If it was me, I wouldn't let the rats and guinea pigs socialise with eachother. It could turn nasty...


----------



## Forensic (Apr 12, 2007)

To be honest? Probably.

Guinea pigs are prey. Rats are predators.

The rats can and may kill the cavys.


----------



## kimby37 (May 6, 2008)

That sucks. I have a HUGE grid cage for the guineas that can't be moved and it's hard to watch seven rats during free range time. I'll have to come up with something...


----------



## MariHxc (May 23, 2007)

there's no way you can free range in a different room?


----------



## kimby37 (May 6, 2008)

Nope. I have too many other pets spread out around the house. The room that the rats and guinea pigs are in is the only room I've ever been able to successfully keep the cats out of. We had a horrible incident just last week where one of our cats degloved our gerbil's tail so the rats are confined to my daughter's room for eternity. I think we are going to try covering the guinea pig cage tightly with a sheet and see if that works.


----------



## Stace87 (Jun 24, 2008)

Can you not shut a door to keep the cats out another room?


----------



## kimby37 (May 6, 2008)

I can but I have an eight year old daughter and a ten year old son. They are great with the animals but not completely trustworthy yet (i.e. the gerbil degloving incident). The room with the rats and guinea pigs is the only room the cats and dogs have never been allowed in so the kids are really god about remembering to keep the door shut. I don't want put the rats or guinea pigs in another room and risk the cats/dogs getting to them. I have one cat and one dog that could care less about the smaller animals but the rest would love nothing more than to gobble them down. 

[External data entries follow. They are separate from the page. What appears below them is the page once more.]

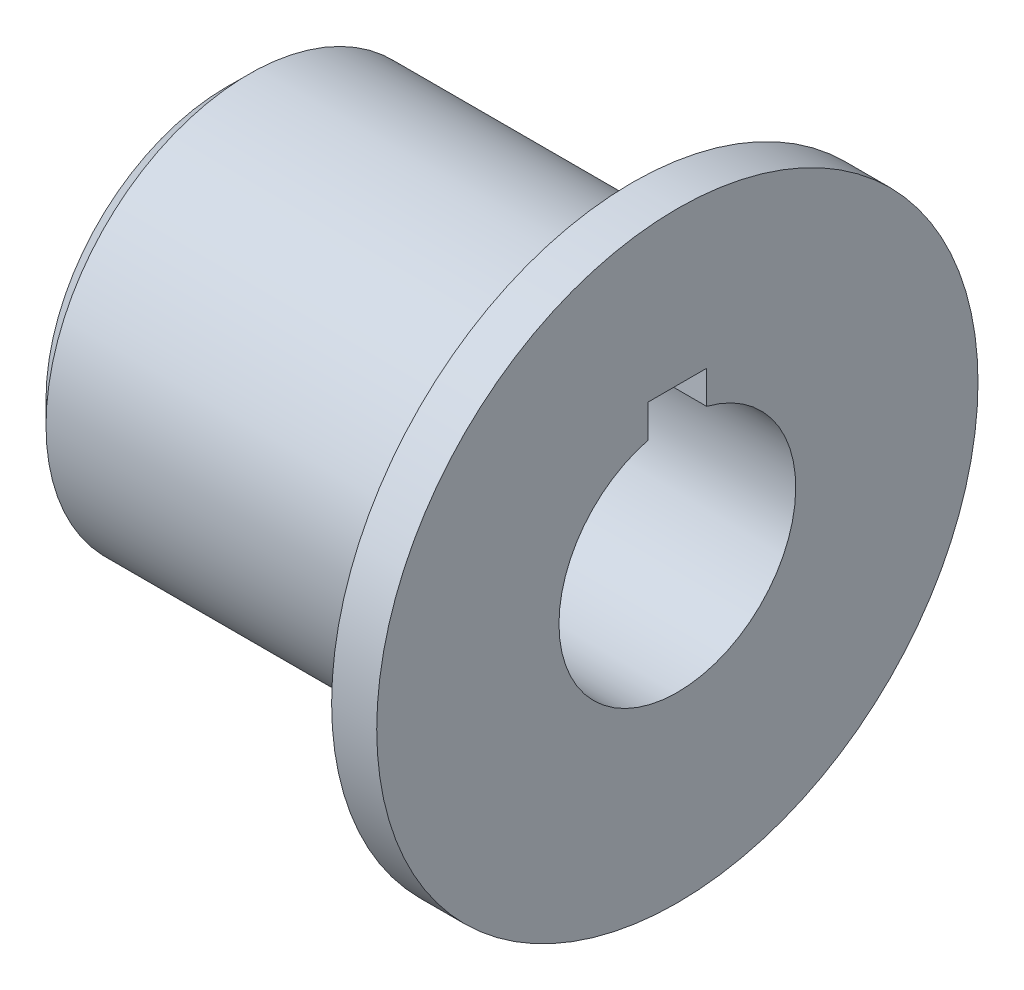
ISO-10303-21;
HEADER;
FILE_DESCRIPTION(('STEP AP214'),'2;1');
FILE_NAME('part.step','',(''),(''),'','','');
FILE_SCHEMA(('AUTOMOTIVE_DESIGN { 1 0 10303 214 1 1 1 1 }'));
ENDSEC;
DATA;
#1=APPLICATION_CONTEXT('core data for automotive mechanical design processes');
#2=APPLICATION_PROTOCOL_DEFINITION('international standard','automotive_design',2000,#1);
#3=PRODUCT_CONTEXT('',#1,'mechanical');
#4=PRODUCT('Part','Part','',(#3));
#5=PRODUCT_RELATED_PRODUCT_CATEGORY('part','',(#4));
#6=PRODUCT_DEFINITION_FORMATION('','',#4);
#7=PRODUCT_DEFINITION_CONTEXT('part definition',#1,'design');
#8=PRODUCT_DEFINITION('design','',#6,#7);
#9=PRODUCT_DEFINITION_SHAPE('','',#8);
#10=(LENGTH_UNIT() NAMED_UNIT(*) SI_UNIT(.MILLI.,.METRE.));
#11=(NAMED_UNIT(*) PLANE_ANGLE_UNIT() SI_UNIT($,.RADIAN.));
#12=(NAMED_UNIT(*) SI_UNIT($,.STERADIAN.) SOLID_ANGLE_UNIT());
#13=UNCERTAINTY_MEASURE_WITH_UNIT(LENGTH_MEASURE(1.E-05),#10,'distance_accuracy_value','');
#14=(GEOMETRIC_REPRESENTATION_CONTEXT(3) GLOBAL_UNCERTAINTY_ASSIGNED_CONTEXT((#13)) GLOBAL_UNIT_ASSIGNED_CONTEXT((#10,
#11,#12)) REPRESENTATION_CONTEXT('',''));
#15=CARTESIAN_POINT('',(0.,0.,0.));
#16=DIRECTION('',(0.,0.,1.));
#17=DIRECTION('',(1.,0.,0.));
#18=AXIS2_PLACEMENT_3D('',#15,#16,#17);
#19=CARTESIAN_POINT('',(15.24,10.16,0.));
#20=DIRECTION('',(-1.,0.,0.));
#21=DIRECTION('',(0.,0.,1.));
#22=AXIS2_PLACEMENT_3D('',#19,#20,#21);
#23=PLANE('',#22);
#24=CARTESIAN_POINT('',(15.24,0.,0.));
#25=DIRECTION('',(-1.,0.,0.));
#26=DIRECTION('',(0.,0.,1.));
#27=AXIS2_PLACEMENT_3D('',#24,#25,#26);
#28=CIRCLE('',#27,10.16);
#29=CARTESIAN_POINT('',(15.24,0.,10.16));
#30=VERTEX_POINT('',#29);
#31=EDGE_CURVE('E172',#30,#30,#28,.T.);
#32=ORIENTED_EDGE('',*,*,#31,.F.);
#33=EDGE_LOOP('',(#32));
#34=FACE_BOUND('',#33,.T.);
#35=DIRECTION('',(0.,1.,0.));
#36=VECTOR('',#35,1.);
#37=CARTESIAN_POINT('',(15.24,4.9911,-0.9906));
#38=LINE('',#37,#36);
#39=CARTESIAN_POINT('',(15.24,3.87591432954858,-0.9906));
#40=VERTEX_POINT('',#39);
#41=CARTESIAN_POINT('',(15.24,4.9911,-0.9906));
#42=VERTEX_POINT('',#41);
#43=EDGE_CURVE('E82',#40,#42,#38,.T.);
#44=ORIENTED_EDGE('',*,*,#43,.F.);
#45=CARTESIAN_POINT('',(15.24,0.,0.));
#46=DIRECTION('',(-1.,0.,0.));
#47=DIRECTION('',(0.,0.,1.));
#48=AXIS2_PLACEMENT_3D('',#45,#46,#47);
#49=CIRCLE('',#48,4.0005);
#50=CARTESIAN_POINT('',(15.24,3.87591432954858,0.9906));
#51=VERTEX_POINT('',#50);
#52=EDGE_CURVE('E174',#40,#51,#49,.T.);
#53=ORIENTED_EDGE('',*,*,#52,.T.);
#54=DIRECTION('',(0.,1.,0.));
#55=VECTOR('',#54,1.);
#56=CARTESIAN_POINT('',(15.24,4.9911,0.9906));
#57=LINE('',#56,#55);
#58=CARTESIAN_POINT('',(15.24,4.9911,0.9906));
#59=VERTEX_POINT('',#58);
#60=EDGE_CURVE('E53',#51,#59,#57,.T.);
#61=ORIENTED_EDGE('',*,*,#60,.T.);
#62=DIRECTION('',(0.,0.,1.));
#63=VECTOR('',#62,1.);
#64=CARTESIAN_POINT('',(15.24,4.9911,-0.9906));
#65=LINE('',#64,#63);
#66=EDGE_CURVE('E97',#42,#59,#65,.T.);
#67=ORIENTED_EDGE('',*,*,#66,.F.);
#68=EDGE_LOOP('',(#44,#53,#61,#67));
#69=FACE_BOUND('',#68,.T.);
#70=ADVANCED_FACE('F38',(#34,#69),#23,.F.);
#71=CARTESIAN_POINT('',(0.,0.,0.));
#72=DIRECTION('',(-1.,0.,0.));
#73=DIRECTION('',(0.,0.,1.));
#74=AXIS2_PLACEMENT_3D('',#71,#72,#73);
#75=CYLINDRICAL_SURFACE('',#74,4.0005);
#76=CARTESIAN_POINT('',(9.525,0.,0.));
#77=DIRECTION('',(-1.,0.,0.));
#78=DIRECTION('',(0.,0.,1.));
#79=AXIS2_PLACEMENT_3D('',#76,#77,#78);
#80=CIRCLE('',#79,4.0005);
#81=CARTESIAN_POINT('',(9.525,0.,4.0005));
#82=VERTEX_POINT('',#81);
#83=EDGE_CURVE('E116',#82,#82,#80,.T.);
#84=ORIENTED_EDGE('',*,*,#83,.T.);
#85=EDGE_LOOP('',(#84));
#86=FACE_BOUND('',#85,.T.);
#87=DIRECTION('',(-1.,0.,0.));
#88=VECTOR('',#87,1.);
#89=CARTESIAN_POINT('',(0.,3.87591432954858,-0.9906));
#90=LINE('',#89,#88);
#91=CARTESIAN_POINT('',(9.55577030537274,3.87591432954858,-0.9906));
#92=VERTEX_POINT('',#91);
#93=EDGE_CURVE('E87',#92,#40,#90,.F.);
#94=ORIENTED_EDGE('',*,*,#93,.F.);
#95=CARTESIAN_POINT('',(9.55577030537274,3.87591432954858,-0.9906));
#96=CARTESIAN_POINT('',(9.57015356974522,3.89997137560666,-0.896515241758494));
#97=CARTESIAN_POINT('',(9.58304758879891,3.92064560817447,-0.80129963430613));
#98=CARTESIAN_POINT('',(9.60506200213654,3.95505801032205,-0.609123524538393));
#99=CARTESIAN_POINT('',(9.61417952013428,3.96879089492918,-0.512161750726645));
#100=CARTESIAN_POINT('',(9.62765262458,3.98886148314297,-0.319568698292738));
#101=CARTESIAN_POINT('',(9.63212050726327,3.99537384180673,-0.223963903959853));
#102=CARTESIAN_POINT('',(9.63633516126337,4.00151488568421,-0.0324959845287631));
#103=CARTESIAN_POINT('',(9.63608452029909,4.00114734395333,0.0633669701480269));
#104=CARTESIAN_POINT('',(9.6296535348651,3.99178032185551,0.298587898035485));
#105=CARTESIAN_POINT('',(9.62080911595906,3.97890327991198,0.437751416017347));
#106=CARTESIAN_POINT('',(9.60102277905271,3.94871956117474,0.645488619420195));
#107=CARTESIAN_POINT('',(9.59323715002569,3.93668305334399,0.715207773315616));
#108=CARTESIAN_POINT('',(9.57580837060194,3.908992562228,0.853669258623806));
#109=CARTESIAN_POINT('',(9.56616576559511,3.89333964080685,0.922411870495344));
#110=CARTESIAN_POINT('',(9.55577030537272,3.87591432954858,0.990599999999999));
#111=B_SPLINE_CURVE_WITH_KNOTS('',3,(#95,#96,#97,#98,#99,#100,#101,#102,#103,#104,#105,#106,
#107,#108,#109,#110),.UNSPECIFIED.,.F.,.F.,(4,2,2,2,2,2,2,4),(0.,0.29449369422359,
0.589211272268211,0.876632984970975,1.16389707529639,1.58277073841528,1.79620301612778,
2.0095727045708),.UNSPECIFIED.);
#112=CARTESIAN_POINT('',(9.55577030537274,3.87591432954858,0.9906));
#113=VERTEX_POINT('',#112);
#114=EDGE_CURVE('E61',#92,#113,#111,.T.);
#115=ORIENTED_EDGE('',*,*,#114,.T.);
#116=DIRECTION('',(-1.,0.,0.));
#117=VECTOR('',#116,1.);
#118=CARTESIAN_POINT('',(0.,3.87591432954858,0.9906));
#119=LINE('',#118,#117);
#120=EDGE_CURVE('E102',#113,#51,#119,.F.);
#121=ORIENTED_EDGE('',*,*,#120,.T.);
#122=ORIENTED_EDGE('',*,*,#52,.F.);
#123=EDGE_LOOP('',(#94,#115,#121,#122));
#124=FACE_BOUND('',#123,.T.);
#125=ADVANCED_FACE('F118',(#86,#124),#75,.F.);
#126=CARTESIAN_POINT('',(0.,0.,0.));
#127=DIRECTION('',(1.,0.,0.));
#128=DIRECTION('',(0.,0.,-1.));
#129=AXIS2_PLACEMENT_3D('',#126,#127,#128);
#130=PLANE('',#129);
#131=CARTESIAN_POINT('',(0.,0.,0.));
#132=DIRECTION('',(1.,0.,0.));
#133=DIRECTION('',(0.,0.,-1.));
#134=AXIS2_PLACEMENT_3D('',#131,#132,#133);
#135=CIRCLE('',#134,6.096);
#136=CARTESIAN_POINT('',(0.,0.,-6.096));
#137=VERTEX_POINT('',#136);
#138=EDGE_CURVE('E46',#137,#137,#135,.F.);
#139=ORIENTED_EDGE('',*,*,#138,.T.);
#140=EDGE_LOOP('',(#139));
#141=FACE_BOUND('',#140,.T.);
#142=ADVANCED_FACE('F148',(#141),#130,.F.);
#143=CARTESIAN_POINT('',(0.,0.,0.));
#144=DIRECTION('',(-1.,0.,0.));
#145=DIRECTION('',(0.,0.,1.));
#146=AXIS2_PLACEMENT_3D('',#143,#144,#145);
#147=CYLINDRICAL_SURFACE('',#146,6.858);
#148=CARTESIAN_POINT('',(0.761999999999998,0.,0.));
#149=DIRECTION('',(1.,0.,0.));
#150=DIRECTION('',(0.,0.,-1.));
#151=AXIS2_PLACEMENT_3D('',#148,#149,#150);
#152=CIRCLE('',#151,6.858);
#153=CARTESIAN_POINT('',(0.761999999999998,0.,-6.858));
#154=VERTEX_POINT('',#153);
#155=EDGE_CURVE('E11',#154,#154,#152,.T.);
#156=ORIENTED_EDGE('',*,*,#155,.T.);
#157=EDGE_LOOP('',(#156));
#158=FACE_BOUND('',#157,.T.);
#159=CARTESIAN_POINT('',(13.716,0.,0.));
#160=DIRECTION('',(-1.,0.,0.));
#161=DIRECTION('',(0.,0.,1.));
#162=AXIS2_PLACEMENT_3D('',#159,#160,#161);
#163=CIRCLE('',#162,6.858);
#164=CARTESIAN_POINT('',(13.716,0.,6.858));
#165=VERTEX_POINT('',#164);
#166=EDGE_CURVE('E165',#165,#165,#163,.T.);
#167=ORIENTED_EDGE('',*,*,#166,.T.);
#168=EDGE_LOOP('',(#167));
#169=FACE_BOUND('',#168,.T.);
#170=ADVANCED_FACE('F154',(#158,#169),#147,.T.);
#171=CARTESIAN_POINT('',(13.716,6.858,0.));
#172=DIRECTION('',(1.,0.,0.));
#173=DIRECTION('',(0.,0.,-1.));
#174=AXIS2_PLACEMENT_3D('',#171,#172,#173);
#175=PLANE('',#174);
#176=ORIENTED_EDGE('',*,*,#166,.F.);
#177=EDGE_LOOP('',(#176));
#178=FACE_BOUND('',#177,.T.);
#179=CARTESIAN_POINT('',(13.716,0.,0.));
#180=DIRECTION('',(-1.,0.,0.));
#181=DIRECTION('',(0.,0.,1.));
#182=AXIS2_PLACEMENT_3D('',#179,#180,#181);
#183=CIRCLE('',#182,10.16);
#184=CARTESIAN_POINT('',(13.716,0.,10.16));
#185=VERTEX_POINT('',#184);
#186=EDGE_CURVE('E167',#185,#185,#183,.T.);
#187=ORIENTED_EDGE('',*,*,#186,.T.);
#188=EDGE_LOOP('',(#187));
#189=FACE_BOUND('',#188,.T.);
#190=ADVANCED_FACE('F139',(#178,#189),#175,.F.);
#191=CARTESIAN_POINT('',(0.,0.,0.));
#192=DIRECTION('',(-1.,0.,0.));
#193=DIRECTION('',(0.,0.,1.));
#194=AXIS2_PLACEMENT_3D('',#191,#192,#193);
#195=CYLINDRICAL_SURFACE('',#194,10.16);
#196=ORIENTED_EDGE('',*,*,#186,.F.);
#197=EDGE_LOOP('',(#196));
#198=FACE_BOUND('',#197,.T.);
#199=ORIENTED_EDGE('',*,*,#31,.T.);
#200=EDGE_LOOP('',(#199));
#201=FACE_BOUND('',#200,.T.);
#202=ADVANCED_FACE('F132',(#198,#201),#195,.T.);
#203=CARTESIAN_POINT('',(9.525,4.0005,0.));
#204=DIRECTION('',(-1.,0.,0.));
#205=DIRECTION('',(0.,0.,1.));
#206=AXIS2_PLACEMENT_3D('',#203,#204,#205);
#207=PLANE('',#206);
#208=ORIENTED_EDGE('',*,*,#83,.F.);
#209=EDGE_LOOP('',(#208));
#210=FACE_BOUND('',#209,.T.);
#211=ADVANCED_FACE('F130',(#210),#207,.F.);
#212=CARTESIAN_POINT('',(0.,0.,0.));
#213=DIRECTION('',(1.,0.,0.));
#214=DIRECTION('',(0.,0.,-1.));
#215=AXIS2_PLACEMENT_3D('',#212,#213,#214);
#216=CONICAL_SURFACE('',#215,6.096,0.785398163397449);
#217=ORIENTED_EDGE('',*,*,#155,.F.);
#218=EDGE_LOOP('',(#217));
#219=FACE_BOUND('',#218,.T.);
#220=ORIENTED_EDGE('',*,*,#138,.F.);
#221=EDGE_LOOP('',(#220));
#222=FACE_BOUND('',#221,.T.);
#223=ADVANCED_FACE('F40',(#219,#222),#216,.T.);
#224=CARTESIAN_POINT('',(11.5191831009213,2.7051,-0.9906));
#225=DIRECTION('',(0.,0.,1.));
#226=DIRECTION('',(1.,0.,0.));
#227=AXIS2_PLACEMENT_3D('',#224,#225,#226);
#228=CYLINDRICAL_SURFACE('',#227,2.286);
#229=CARTESIAN_POINT('',(11.5191831009213,2.7051,-0.9906));
#230=DIRECTION('',(0.,0.,1.));
#231=DIRECTION('',(1.,0.,0.));
#232=AXIS2_PLACEMENT_3D('',#229,#230,#231);
#233=CIRCLE('',#232,2.286);
#234=CARTESIAN_POINT('',(11.5191831009213,4.9911,-0.9906));
#235=VERTEX_POINT('',#234);
#236=EDGE_CURVE('E99',#235,#92,#233,.T.);
#237=ORIENTED_EDGE('',*,*,#236,.F.);
#238=DIRECTION('',(0.,0.,1.));
#239=VECTOR('',#238,1.);
#240=CARTESIAN_POINT('',(11.5191831009213,4.9911,-0.9906));
#241=LINE('',#240,#239);
#242=CARTESIAN_POINT('',(11.5191831009213,4.9911,0.9906));
#243=VERTEX_POINT('',#242);
#244=EDGE_CURVE('E98',#235,#243,#241,.T.);
#245=ORIENTED_EDGE('',*,*,#244,.T.);
#246=CARTESIAN_POINT('',(11.5191831009213,2.7051,0.9906));
#247=DIRECTION('',(0.,0.,1.));
#248=DIRECTION('',(1.,0.,0.));
#249=AXIS2_PLACEMENT_3D('',#246,#247,#248);
#250=CIRCLE('',#249,2.286);
#251=EDGE_CURVE('E92',#243,#113,#250,.T.);
#252=ORIENTED_EDGE('',*,*,#251,.T.);
#253=ORIENTED_EDGE('',*,*,#114,.F.);
#254=EDGE_LOOP('',(#237,#245,#252,#253));
#255=FACE_BOUND('',#254,.T.);
#256=ADVANCED_FACE('F122',(#255),#228,.F.);
#257=CARTESIAN_POINT('',(11.5191831009213,2.7051,-0.9906));
#258=DIRECTION('',(0.,0.,1.));
#259=DIRECTION('',(1.,0.,0.));
#260=AXIS2_PLACEMENT_3D('',#257,#258,#259);
#261=PLANE('',#260);
#262=ORIENTED_EDGE('',*,*,#93,.T.);
#263=ORIENTED_EDGE('',*,*,#43,.T.);
#264=DIRECTION('',(-1.,0.,0.));
#265=VECTOR('',#264,1.);
#266=CARTESIAN_POINT('',(15.24,4.9911,-0.9906));
#267=LINE('',#266,#265);
#268=EDGE_CURVE('E85',#42,#235,#267,.T.);
#269=ORIENTED_EDGE('',*,*,#268,.T.);
#270=ORIENTED_EDGE('',*,*,#236,.T.);
#271=EDGE_LOOP('',(#262,#263,#269,#270));
#272=FACE_BOUND('',#271,.T.);
#273=ADVANCED_FACE('F84',(#272),#261,.T.);
#274=CARTESIAN_POINT('',(11.5191831009213,2.7051,0.9906));
#275=DIRECTION('',(0.,0.,1.));
#276=DIRECTION('',(1.,0.,0.));
#277=AXIS2_PLACEMENT_3D('',#274,#275,#276);
#278=PLANE('',#277);
#279=ORIENTED_EDGE('',*,*,#251,.F.);
#280=DIRECTION('',(-1.,0.,0.));
#281=VECTOR('',#280,1.);
#282=CARTESIAN_POINT('',(15.24,4.9911,0.9906));
#283=LINE('',#282,#281);
#284=EDGE_CURVE('E178',#59,#243,#283,.T.);
#285=ORIENTED_EDGE('',*,*,#284,.F.);
#286=ORIENTED_EDGE('',*,*,#60,.F.);
#287=ORIENTED_EDGE('',*,*,#120,.F.);
#288=EDGE_LOOP('',(#279,#285,#286,#287));
#289=FACE_BOUND('',#288,.T.);
#290=ADVANCED_FACE('F127',(#289),#278,.F.);
#291=CARTESIAN_POINT('',(15.24,4.9911,-0.9906));
#292=DIRECTION('',(0.,1.,0.));
#293=DIRECTION('',(0.,0.,1.));
#294=AXIS2_PLACEMENT_3D('',#291,#292,#293);
#295=PLANE('',#294);
#296=ORIENTED_EDGE('',*,*,#284,.T.);
#297=ORIENTED_EDGE('',*,*,#244,.F.);
#298=ORIENTED_EDGE('',*,*,#268,.F.);
#299=ORIENTED_EDGE('',*,*,#66,.T.);
#300=EDGE_LOOP('',(#296,#297,#298,#299));
#301=FACE_BOUND('',#300,.T.);
#302=ADVANCED_FACE('F96',(#301),#295,.F.);
#303=CLOSED_SHELL('',(#70,#125,#142,#170,#190,#202,#211,#223,#256,#273,#290,#302));
#304=MANIFOLD_SOLID_BREP('B2',#303);
#305=ADVANCED_BREP_SHAPE_REPRESENTATION('',(#18,#304),#14);
#306=SHAPE_DEFINITION_REPRESENTATION(#9,#305);
ENDSEC;
END-ISO-10303-21;

Plus, my husband is less than fond of the smaller pets and the less he sees of them the better. I don't think he's even noticed that we are up to seven rats and I would like to keep it that way. I might even be able to sneak in a couple of more. Ahhh the complicated life of a multi-pet owner...


----------



## Stace87 (Jun 24, 2008)

:lol: I'm sure he won't notice a couple more then.


----------



## Marysmuse (Apr 28, 2008)

The short answer is yes, possibly. And don't underestimate your piggies! Just because they don't bite doesn't mean they can't. My Milk and Cookie laid into one another and inflicted some pretty nasty wounds. Fortunately they both healed up ok without intervention, but I've heard of piggies needing vet care after a fight.

Are you using C&C cages for your gp's? If you have extra grids, you can construct a lid... Some people use the closet shelving from Lowes as C&C lids, too, but my husband tells me that could get pricey.

Another option- get a roll of hardware cloth the right width to hang over the sides an inch or so, cut the length, and bend the sides over the edges of the pig cage. (does that make sense)? Then you can lift the top off when the rats aren't free-ranging.

Otherwise, I think the best temporary cover idea in the thread is the sheet- you can tuck the ends under the gp cage, to keep the ratties out. It wouldn't stop a determined rat, but it might help "hide" the pigs, and discourage the rats.

Good luck!

Rejoicing in the day,
-Mary


----------



## begoodtoanimals (Dec 6, 2007)

My neighbor's two guinea pigs got killed by wild rats. Our sweet little friends are still capable of the same. Don't trust them.


----------



## kimby37 (May 6, 2008)

begoodtoanimals said:


> My neighbor's two guinea pigs got killed by wild rats. Our sweet little friends are still capable of the same. Don't trust them.


Oh! That's horrible! I have a C&C cage with an enclosed top that they get through with ease. We've never left the rats alone during free range time so we see them every time they jump into the guinea pig cage. It's been such a p.i.t.a. keeping them out but I will definitely use Mary's hardware cloth idea or something from now on to make sure they never get in there again.


----------